**TASK DESCRIPTION**
Tally up the lines below that contain the word "name" and give the total alone.

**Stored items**
#####

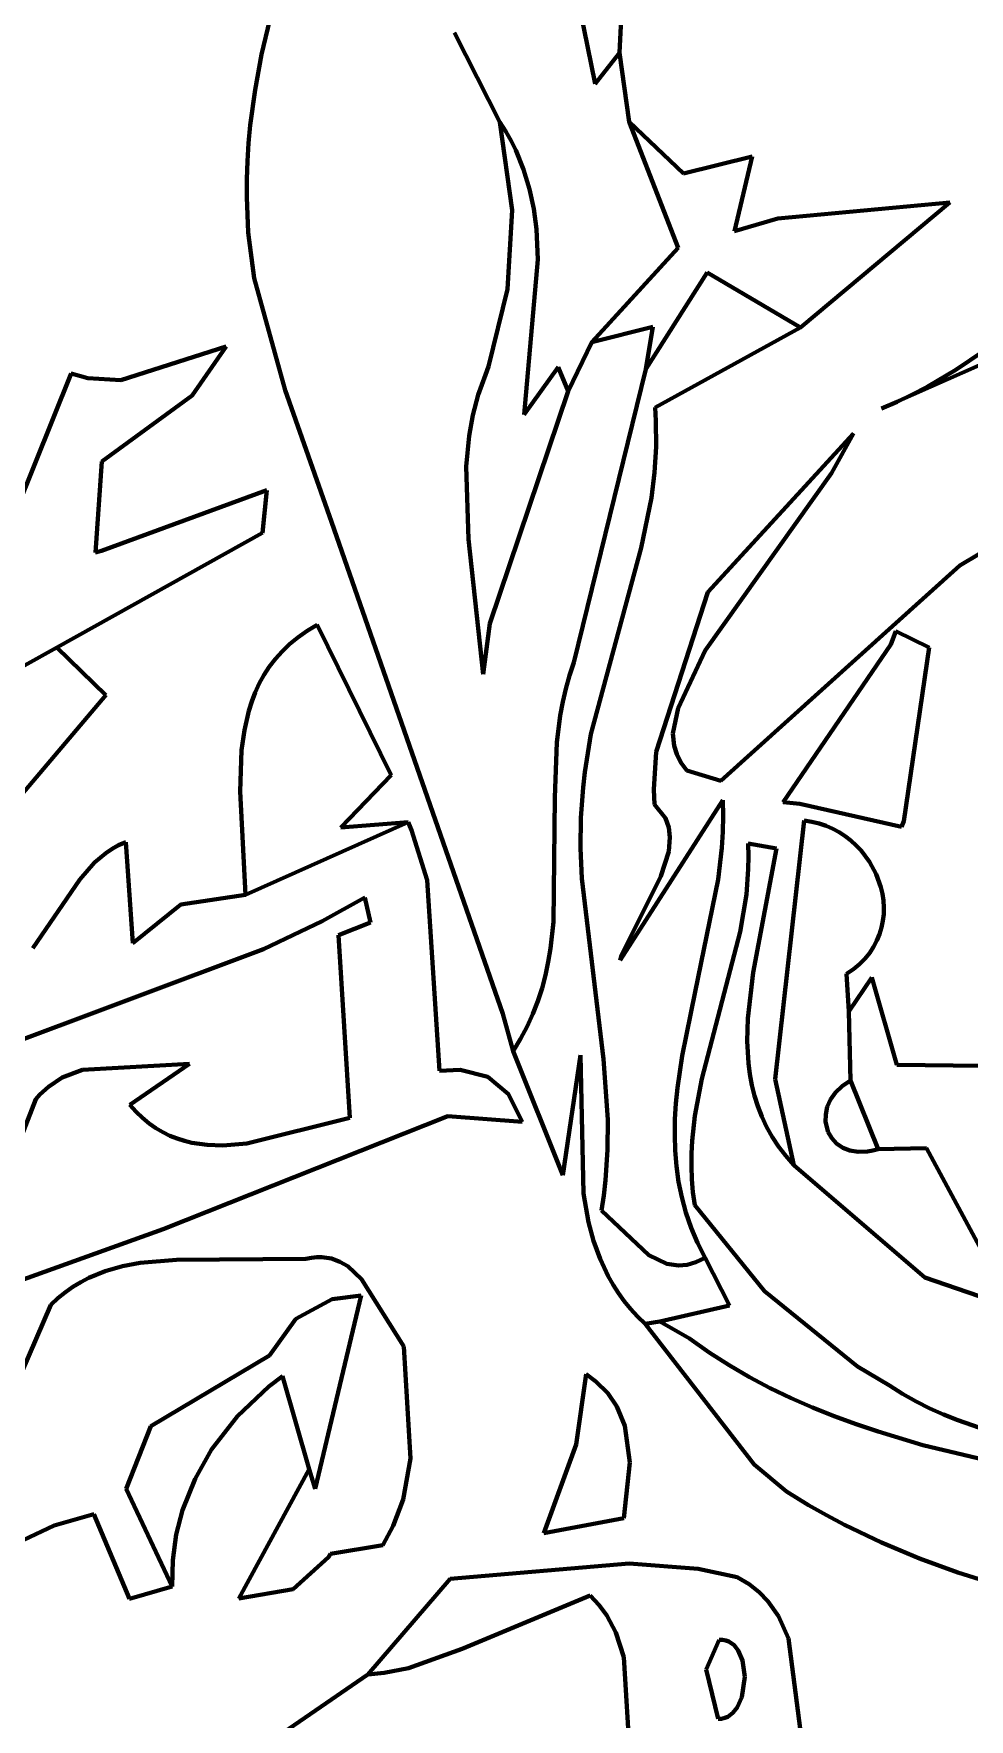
# Model space of a CAD drawing. Header units: millimetres. Extents: x 0 to 8.3, y 0 to 12.4.
# Drawn here: x 4.204 to 4.748, y 6.768 to 7.748 of the extents above; entities that cross this region are included whole.
import ezdxf

# ---------------------------------------------------------------- set-up
doc = ezdxf.new("R2010")
doc.units = ezdxf.units.MM
for name, color, linetype, lineweight in [('color#131313ff', 7, 'CONTINUOUS', 100), ('color#7c7c7cff', 7, 'CONTINUOUS', 100), ('color#c5c5c5ff', 7, 'CONTINUOUS', 100), ('color#ffffffff', 7, 'CONTINUOUS', 100)]:
    doc.layers.add(name, color=color, linetype=linetype, lineweight=lineweight)

msp = doc.modelspace()

# ---------------------------------------------------------------- linework, layer by layer
at = {"layer": 'color#131313ff'}
for p, q in [((4.48953, 7.91858), (4.53005, 7.71917)), ((4.34102, 7.75632), (4.33625, 7.73608)), ((4.47475, 7.69669), (4.44844, 7.74866)), ((4.33625, 7.73608), (4.3324, 7.71565)), ((4.53005, 7.71917), (4.54424, 7.73708)), ((4.54424, 7.73708), (4.54982, 7.69697)), ((4.3324, 7.71565), (4.3296, 7.69502)), ((4.47816, 7.69133), (4.47475, 7.69669)), ((4.54982, 7.69697), (4.57842, 7.62378)), ((4.3296, 7.69502), (4.32862, 7.68462)), ((4.48123, 7.68591), (4.47816, 7.69133)), ((4.48398, 7.68043), (4.48123, 7.68591)), ((4.32862, 7.68462), (4.32795, 7.67416)), ((4.48855, 7.66928), (4.48398, 7.68043)), ((4.32795, 7.67416), (4.3276, 7.66365)), ((4.49199, 7.65791), (4.48855, 7.66928)), ((4.3276, 7.66365), (4.32759, 7.65307)), ((4.49442, 7.64636), (4.49199, 7.65791)), ((4.32759, 7.65307), (4.32833, 7.63267)), ((4.49596, 7.63465), (4.49442, 7.64636)), ((4.32833, 7.63267), (4.33191, 7.60596)), ((4.49684, 7.61684), (4.49596, 7.63465)), ((4.48879, 7.52671), (4.49684, 7.61684)), ((4.57842, 7.62378), (4.52823, 7.56885)), ((4.33191, 7.60596), (4.34985, 7.54095)), ((4.52823, 7.56885), (4.51437, 7.54031)), ((4.79126, 7.57226), (4.69667, 7.5303)), ((4.31553, 7.56629), (4.2544, 7.54669)), ((4.29594, 7.53784), (4.31553, 7.56629)), ((4.73974, 7.55277), (4.75584, 7.56353)), ((4.22548, 7.55058), (4.19344, 7.47092)), ((4.23522, 7.54793), (4.22548, 7.55058)), ((4.50868, 7.55438), (4.48879, 7.52671)), ((4.51437, 7.54031), (4.50868, 7.55438)), ((4.72306, 7.54291), (4.73974, 7.55277)), ((4.2544, 7.54669), (4.23522, 7.54793)), ((4.34985, 7.54095), (4.37678, 7.46435)), ((4.70568, 7.53417), (4.71447, 7.53839)), ((4.71447, 7.53839), (4.72306, 7.54291)), ((4.24327, 7.49947), (4.29594, 7.53784)), ((4.69667, 7.5303), (4.70568, 7.53417)), ((4.59565, 7.42339), (4.68032, 7.51565)), ((4.68032, 7.51565), (4.66744, 7.49259)), ((4.23959, 7.44661), (4.24327, 7.49947)), ((4.66744, 7.49259), (4.59408, 7.38951)), ((4.33927, 7.48276), (4.24316, 7.44749)), ((4.33677, 7.45794), (4.33927, 7.48276)), ((4.37678, 7.46435), (4.47638, 7.17816)), ((4.21716, 7.39129), (4.33677, 7.45794)), ((4.24316, 7.44749), (4.23959, 7.44661)), ((4.74222, 7.43894), (4.75311, 7.44546)), ((4.60328, 7.31374), (4.74222, 7.43894)), ((4.56558, 7.33064), (4.59565, 7.42339)), ((4.36847, 7.40435), (4.36264, 7.40089)), ((4.41155, 7.31698), (4.36847, 7.40435)), ((4.35249, 7.39322), (4.34812, 7.38903)), ((4.35732, 7.39717), (4.35249, 7.39322)), ((4.36264, 7.40089), (4.35732, 7.39717)), ((4.70196, 7.39293), (4.63938, 7.30123)), ((4.70484, 7.40077), (4.70196, 7.39293)), ((4.72434, 7.39126), (4.70484, 7.40077)), ((4.24559, 7.3636), (4.21716, 7.39129)), ((4.3442, 7.38463), (4.34069, 7.38003)), ((4.34812, 7.38903), (4.3442, 7.38463)), ((4.59408, 7.38951), (4.57838, 7.35607)), ((4.70952, 7.29031), (4.72434, 7.39126)), ((4.33759, 7.37523), (4.33487, 7.37026)), ((4.34069, 7.38003), (4.33759, 7.37523)), ((4.1637, 7.26677), (4.24559, 7.3636)), ((4.33251, 7.36512), (4.33048, 7.35983)), ((4.33487, 7.37026), (4.33251, 7.36512)), ((4.32876, 7.35441), (4.32618, 7.34318)), ((4.33048, 7.35983), (4.32876, 7.35441)), ((4.57838, 7.35607), (4.57536, 7.34133)), ((4.32618, 7.34318), (4.32461, 7.33155)), ((4.57536, 7.34133), (4.57603, 7.33401)), ((4.57603, 7.33401), (4.57751, 7.32918)), ((4.32461, 7.33155), (4.32375, 7.30749)), ((4.56415, 7.30876), (4.56558, 7.33064)), ((4.57751, 7.32918), (4.57995, 7.32439)), ((4.57995, 7.32439), (4.58345, 7.31966)), ((4.38226, 7.28653), (4.41155, 7.31698)), ((4.58345, 7.31966), (4.60328, 7.31374)), ((4.32375, 7.30749), (4.32693, 7.24736)), ((4.56471, 7.29992), (4.56415, 7.30876)), ((4.60442, 7.30249), (4.54475, 7.2095)), ((4.5711, 7.29208), (4.56471, 7.29992)), ((4.60439, 7.28407), (4.60461, 7.2933)), ((4.60461, 7.2933), (4.60442, 7.30249)), ((4.63938, 7.30123), (4.64914, 7.3003)), ((4.64914, 7.3003), (4.70821, 7.28688)), ((4.42139, 7.28975), (4.38226, 7.28653)), ((4.42337, 7.285), (4.42139, 7.28975)), ((4.43253, 7.25595), (4.42337, 7.285)), ((4.5729, 7.28659), (4.5711, 7.29208)), ((4.57362, 7.28102), (4.5729, 7.28659)), ((4.60378, 7.27482), (4.60439, 7.28407)), ((4.65159, 7.29064), (4.63486, 7.1402)), ((4.65604, 7.28995), (4.65159, 7.29064)), ((4.66031, 7.2889), (4.65604, 7.28995)), ((4.66441, 7.28751), (4.66031, 7.2889)), ((4.66833, 7.2858), (4.66441, 7.28751)), ((4.67205, 7.28379), (4.66833, 7.2858)), ((4.67556, 7.2815), (4.67205, 7.28379)), ((4.70821, 7.28688), (4.70952, 7.29031)), ((4.24926, 7.27412), (4.24564, 7.2717)), ((4.25312, 7.27627), (4.24926, 7.27412)), ((4.25725, 7.27813), (4.25312, 7.27627)), ((4.26136, 7.21932), (4.25725, 7.27813)), ((4.57295, 7.27256), (4.57362, 7.28102)), ((4.60159, 7.25626), (4.60378, 7.27482)), ((4.63546, 7.27428), (4.61899, 7.27729)), ((4.61899, 7.27729), (4.61923, 7.26981)), ((4.62191, 7.20219), (4.63546, 7.27428)), ((4.67885, 7.27895), (4.67556, 7.2815)), ((4.68192, 7.27617), (4.67885, 7.27895)), ((4.68475, 7.27317), (4.68192, 7.27617)), ((4.23905, 7.26615), (4.23046, 7.25642)), ((4.24564, 7.2717), (4.23905, 7.26615)), ((4.56827, 7.25824), (4.57295, 7.27256)), ((4.61923, 7.26981), (4.61912, 7.26239)), ((4.68966, 7.26662), (4.68475, 7.27317)), ((4.69351, 7.25948), (4.68966, 7.26662)), ((4.23046, 7.25642), (4.20328, 7.21646)), ((4.43962, 7.14508), (4.43253, 7.25595)), ((4.54553, 7.2123), (4.56827, 7.25824)), ((4.58822, 7.19097), (4.60159, 7.25626)), ((4.61912, 7.26239), (4.61802, 7.24769)), ((4.69621, 7.25191), (4.69351, 7.25948)), ((4.32693, 7.24736), (4.28934, 7.24179)), ((4.37143, 7.23203), (4.39621, 7.24579)), ((4.39621, 7.24579), (4.39959, 7.23137)), ((4.61802, 7.24769), (4.61451, 7.22596)), ((4.6971, 7.24801), (4.69621, 7.25191)), ((4.69768, 7.24408), (4.6971, 7.24801)), ((4.28934, 7.24179), (4.26136, 7.21932)), ((4.69742, 7.23224), (4.69785, 7.23617)), ((4.69793, 7.24013), (4.69768, 7.24408)), ((4.69785, 7.23617), (4.69793, 7.24013)), ((4.33739, 7.21584), (4.37143, 7.23203)), ((4.39959, 7.23137), (4.38088, 7.22388)), ((4.61451, 7.22596), (4.59215, 7.14047)), ((4.69548, 7.22453), (4.69663, 7.22835)), ((4.69663, 7.22835), (4.69742, 7.23224)), ((4.14275, 7.14282), (4.33739, 7.21584)), ((4.38088, 7.22388), (4.38752, 7.11764)), ((4.68972, 7.21367), (4.69203, 7.21717)), ((4.69203, 7.21717), (4.69395, 7.2208)), ((4.69395, 7.2208), (4.69548, 7.22453)), ((4.54475, 7.2095), (4.54553, 7.2123)), ((4.6803, 7.20417), (4.68386, 7.20715)), ((4.68386, 7.20715), (4.687, 7.21033)), ((4.687, 7.21033), (4.68972, 7.21367)), ((4.61884, 7.17553), (4.62191, 7.20219)), ((4.6763, 7.20141), (4.6803, 7.20417)), ((4.67764, 7.1795), (4.6763, 7.20141)), ((4.69104, 7.19941), (4.67764, 7.1795)), ((4.70554, 7.1486), (4.69104, 7.19941)), ((4.58065, 7.15376), (4.58822, 7.19097)), ((4.47638, 7.17816), (4.48242, 7.15651)), ((4.61851, 7.16238), (4.61884, 7.17553)), ((4.48242, 7.15651), (4.51136, 7.08431)), ((4.61924, 7.14945), (4.61851, 7.16238)), ((4.29427, 7.14917), (4.23215, 7.14562)), ((4.25967, 7.12534), (4.29427, 7.14917)), ((4.51136, 7.08431), (4.52168, 7.15419)), ((4.52168, 7.15419), (4.52342, 7.07373)), ((4.57799, 7.13527), (4.58065, 7.15376)), ((4.62007, 7.14308), (4.61924, 7.14945)), ((4.75472, 7.148), (4.70554, 7.1486)), ((4.22035, 7.14113), (4.21224, 7.13584)), ((4.23215, 7.14562), (4.22035, 7.14113)), ((4.45169, 7.14561), (4.43962, 7.14508)), ((4.46771, 7.14157), (4.45169, 7.14561)), ((4.47972, 7.13148), (4.46771, 7.14157)), ((4.59215, 7.14047), (4.58811, 7.11886)), ((4.62123, 7.13678), (4.62007, 7.14308)), ((4.62276, 7.13057), (4.62123, 7.13678)), ((4.63486, 7.1402), (4.64568, 7.09014)), ((4.20493, 7.12855), (4.18607, 7.07961)), ((4.20727, 7.13122), (4.20493, 7.12855)), ((4.21224, 7.13584), (4.20727, 7.13122)), ((4.4877, 7.11535), (4.47972, 7.13148)), ((4.57709, 7.12606), (4.57799, 7.13527)), ((4.62468, 7.12446), (4.62276, 7.13057)), ((4.26328, 7.1213), (4.25967, 7.12534)), ((4.267, 7.1177), (4.26328, 7.1213)), ((4.27082, 7.11452), (4.267, 7.1177)), ((4.27891, 7.05308), (4.44452, 7.1187)), ((4.38752, 7.11764), (4.32757, 7.10286)), ((4.44452, 7.1187), (4.4877, 7.11535)), ((4.57637, 7.10774), (4.57654, 7.11688)), ((4.57654, 7.11688), (4.57709, 7.12606)), ((4.58811, 7.11886), (4.58652, 7.10428)), ((4.627, 7.11844), (4.62468, 7.12446)), ((4.62977, 7.11253), (4.627, 7.11844)), ((4.27475, 7.11174), (4.27082, 7.11452)), ((4.27878, 7.10935), (4.27475, 7.11174)), ((4.2829, 7.10731), (4.27878, 7.10935)), ((4.28709, 7.10563), (4.2829, 7.10731)), ((4.57664, 7.09864), (4.57637, 7.10774)), ((4.63299, 7.10674), (4.62977, 7.11253)), ((4.29137, 7.10427), (4.28709, 7.10563)), ((4.29572, 7.10321), (4.29137, 7.10427)), ((4.30459, 7.10195), (4.29572, 7.10321)), ((4.31367, 7.1017), (4.30459, 7.10195)), ((4.32757, 7.10286), (4.31367, 7.1017)), ((4.57737, 7.08957), (4.57664, 7.09864)), ((4.58652, 7.10428), (4.58614, 7.09692)), ((4.6367, 7.10107), (4.63299, 7.10674)), ((4.64093, 7.09554), (4.6367, 7.10107)), ((4.57862, 7.08055), (4.57737, 7.08957)), ((4.58614, 7.09692), (4.58607, 7.08951)), ((4.58607, 7.08951), (4.58634, 7.08205)), ((4.64568, 7.09014), (4.64093, 7.09554)), ((4.58043, 7.07158), (4.57862, 7.08055)), ((4.58634, 7.08205), (4.58697, 7.07452)), ((4.52342, 7.07373), (4.52632, 7.05703)), ((4.58284, 7.06266), (4.58043, 7.07158)), ((4.58697, 7.07452), (4.58799, 7.06693)), ((4.58589, 7.05379), (4.58284, 7.06266)), ((4.58799, 7.06693), (4.62859, 7.01697)), ((4.18785, 7.02028), (4.27891, 7.05308)), ((4.52632, 7.05703), (4.5292, 7.04621)), ((4.58963, 7.04498), (4.58589, 7.05379)), ((4.5292, 7.04621), (4.53296, 7.03571)), ((4.59409, 7.03622), (4.58963, 7.04498)), ((4.24536, 7.02861), (4.23577, 7.02464)), ((4.25531, 7.0315), (4.24536, 7.02861)), ((4.26554, 7.03346), (4.25531, 7.0315)), ((4.28668, 7.03524), (4.26554, 7.03346)), ((4.3619, 7.03566), (4.28668, 7.03524)), ((4.36518, 7.0363), (4.3619, 7.03566)), ((4.36831, 7.03662), (4.36518, 7.0363)), ((4.37128, 7.03664), (4.36831, 7.03662)), ((4.37679, 7.03585), (4.37128, 7.03664)), ((4.38178, 7.03405), (4.37679, 7.03585)), ((4.38631, 7.03138), (4.38178, 7.03405)), ((4.39421, 7.02393), (4.38631, 7.03138)), ((4.53296, 7.03571), (4.53774, 7.02558)), ((4.60819, 7.00856), (4.59409, 7.03622)), ((4.22657, 7.01943), (4.22214, 7.01631)), ((4.23111, 7.0222), (4.22657, 7.01943)), ((4.23577, 7.02464), (4.23111, 7.0222)), ((4.41881, 6.98477), (4.39421, 7.02393)), ((4.53774, 7.02558), (4.54053, 7.02066)), ((4.54053, 7.02066), (4.54363, 7.01586)), ((4.21783, 7.01282), (4.21365, 7.00894)), ((4.22214, 7.01631), (4.21783, 7.01282)), ((4.54363, 7.01586), (4.54702, 7.01117)), ((4.54702, 7.01117), (4.55075, 7.00661)), ((4.62859, 7.01697), (4.68269, 6.97315)), ((4.21365, 7.00894), (4.17476, 6.9189)), ((4.55075, 7.00661), (4.5548, 7.00218)), ((4.5548, 7.00218), (4.55921, 6.99789)), ((4.5677, 6.99935), (4.60819, 7.00856)), ((4.58493, 6.98935), (4.5677, 6.99935)), ((4.55921, 6.99789), (4.62258, 6.91614)), ((4.4228, 6.91952), (4.41881, 6.98477)), ((4.59633, 6.98131), (4.58493, 6.98935)), ((4.60796, 6.97386), (4.59633, 6.98131)), ((4.61981, 6.96696), (4.60796, 6.97386)), ((4.68269, 6.97315), (4.70118, 6.96203)), ((4.32224, 6.94426), (4.34035, 6.96142)), ((4.34035, 6.96142), (4.34834, 6.96758)), ((4.34834, 6.96758), (4.36395, 6.91346)), ((4.52486, 6.9686), (4.519, 6.92769)), ((4.53054, 6.96446), (4.52486, 6.9686)), ((4.5375, 6.95753), (4.53054, 6.96446)), ((4.63186, 6.96059), (4.61981, 6.96696)), ((4.6441, 6.95471), (4.63186, 6.96059)), ((4.70118, 6.96203), (4.70886, 6.95718)), ((4.54276, 6.94986), (4.5375, 6.95753)), ((4.65651, 6.94927), (4.6441, 6.95471)), ((4.70886, 6.95718), (4.71668, 6.95277)), ((4.71668, 6.95277), (4.72464, 6.94877)), ((4.30713, 6.92482), (4.32224, 6.94426)), ((4.54744, 6.93866), (4.54276, 6.94986)), ((4.66908, 6.94424), (4.65651, 6.94927)), ((4.6818, 6.93958), (4.66908, 6.94424)), ((4.72464, 6.94877), (4.73272, 6.94513)), ((4.73272, 6.94513), (4.74091, 6.94184)), ((4.74091, 6.94184), (4.7576, 6.93618)), ((4.55038, 6.91719), (4.54744, 6.93866)), ((4.69465, 6.93525), (4.6818, 6.93958)), ((4.72068, 6.92744), (4.69465, 6.93525)), ((4.2975, 6.9078), (4.30713, 6.92482)), ((4.519, 6.92769), (4.50033, 6.8762)), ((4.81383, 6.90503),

#####

**SOLVED EXERCISE**
2